F- Un scoop: « Dieu joue bien aux dés », mais les dés sont pipés. De là à imaginer un univers physique et essentiellement informationnel issu d’une masse néguentropique centrale, le gué est encore à franchir mais la passerelle en construction est provisoirement hors de notre physique actuelle et institutionnelle (page 263 de mon livre).

 

G – La théorie du champ néguentropique dans le cadre de la Transformation Sténopéïque est-elle une théorie scientifique?

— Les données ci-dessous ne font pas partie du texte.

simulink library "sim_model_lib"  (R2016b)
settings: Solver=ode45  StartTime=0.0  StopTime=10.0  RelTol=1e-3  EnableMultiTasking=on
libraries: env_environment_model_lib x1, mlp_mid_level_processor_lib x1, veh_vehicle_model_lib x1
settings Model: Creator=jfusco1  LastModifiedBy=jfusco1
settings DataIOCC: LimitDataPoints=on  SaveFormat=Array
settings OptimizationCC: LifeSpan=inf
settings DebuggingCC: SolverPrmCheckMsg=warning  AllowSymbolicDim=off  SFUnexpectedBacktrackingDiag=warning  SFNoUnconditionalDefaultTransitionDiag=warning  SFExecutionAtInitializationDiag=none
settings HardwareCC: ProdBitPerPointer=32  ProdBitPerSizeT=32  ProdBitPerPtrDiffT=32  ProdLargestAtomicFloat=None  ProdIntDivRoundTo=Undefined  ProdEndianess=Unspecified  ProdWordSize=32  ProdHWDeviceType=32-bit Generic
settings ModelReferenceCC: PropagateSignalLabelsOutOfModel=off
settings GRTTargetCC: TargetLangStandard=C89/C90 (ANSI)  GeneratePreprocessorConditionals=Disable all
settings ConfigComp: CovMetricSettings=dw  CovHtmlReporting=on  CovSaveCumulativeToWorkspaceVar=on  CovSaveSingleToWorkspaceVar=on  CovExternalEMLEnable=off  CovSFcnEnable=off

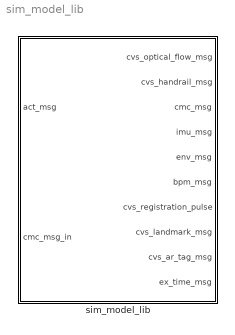
== system sim_model_lib ==
  sim_model_lib : Subsystem

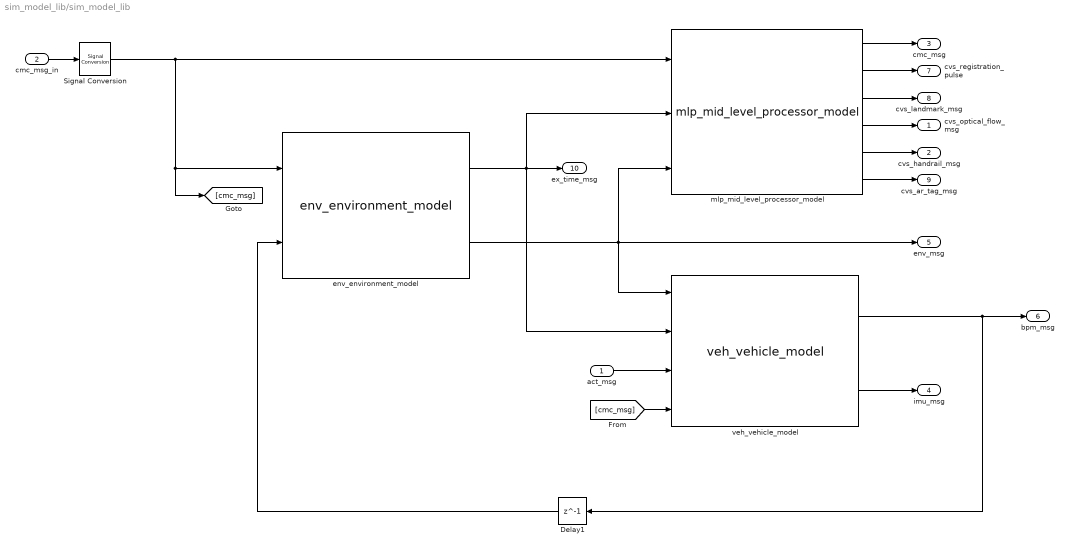
== system sim_model_lib/sim_model_lib ==
  act_msg : Inport  OutDataTypeStr=Bus: act_msg
  cmc_msg_in : Inport  Port=2  OutDataTypeStr=Bus: cmc_msg
  Delay1 : Delay  DelayLength=1
  Signal Conversion : SignalConversion  OverrideOpt=on
  env_environment_model : env_environment_model_lib/env_environment_model  VariantControl=(default)
  mlp_mid_level_processor_model : mlp_mid_level_processor_lib/mlp_mid_level_processor_model
  veh_vehicle_model : veh_vehicle_model_lib/veh_vehicle_model
  cvs_optical_flow_msg : Outport  OutDataTypeStr=Bus: cvs_optical_flow_msg
  cvs_handrail_msg : Outport  Port=2
  cmc_msg : Outport  Port=3  OutDataTypeStr=Bus: cmc_msg
  imu_msg : Outport  Port=4  OutDataTypeStr=Bus: imu_msg
  env_msg : Outport  Port=5  OutDataTypeStr=Bus: env_msg
  bpm_msg : Outport  Port=6
  cvs_registration_pulse : Outport  Port=7  OutDataTypeStr=Bus: cvs_registration_pulse
  cvs_landmark_msg : Outport  Port=8  OutDataTypeStr=Bus: cvs_landmark_msg
  cvs_ar_tag_msg : Outport  Port=9
  ex_time_msg : Outport  Port=10  OutDataTypeStr=Bus: ex_time_msg
  wires:
  mlp_mid_level_processor_model/5 -> cvs_handrail_msg/1
  Delay1/1 -> env_environment_model/2
  act_msg/1 -> veh_vehicle_model/3
  veh_vehicle_model/1 -> Delay1/1, bpm_msg/1
  mlp_mid_level_processor_model/2 -> cvs_registration_pulse/1
  mlp_mid_level_processor_model/3 -> cvs_landmark_msg/1
  env_environment_model/1 -> mlp_mid_level_processor_model/2, ex_time_msg/1, veh_vehicle_model/2
  mlp_mid_level_processor_model/1 -> cmc_msg/1
  mlp_mid_level_processor_model/4 -> cvs_optical_flow_msg/1
  veh_vehicle_model/2 -> imu_msg/1
  env_environment_model/2 -> mlp_mid_level_processor_model/3, env_msg/1, veh_vehicle_model/1
  mlp_mid_level_processor_model/6 -> cvs_ar_tag_msg/1
  Signal Conversion/1 -> mlp_mid_level_processor_model/1, [cmc_msg], env_environment_model/1
  [cmc_msg] -> veh_vehicle_model/4
  cmc_msg_in/1 -> Signal Conversion/1

Je me propose de la passer ici au crible des critères établis par Karl POPPER recueillant le consensus de la communauté scientifique,

1. cette théorie est-elle compatible avec l’observation?
Oui (réactivité réciproque du phénomène et des observateurs, observations
multiples)

2. la théorie résiste-elle au critère de réfutabilité? («falsifiabilité»)
Oui: aucun phénomène ovni observé n’est incompatible avec ma théorie

3. la théorie propose-t-elle des protocoles d’expériences ou d’observations à entreprendre?
Oui, ces protocoles sont spécifiés et exposés dans mon livre(*) et sur le site Internet de l’Académie d’Ufologie (http://www.ufolog.eu).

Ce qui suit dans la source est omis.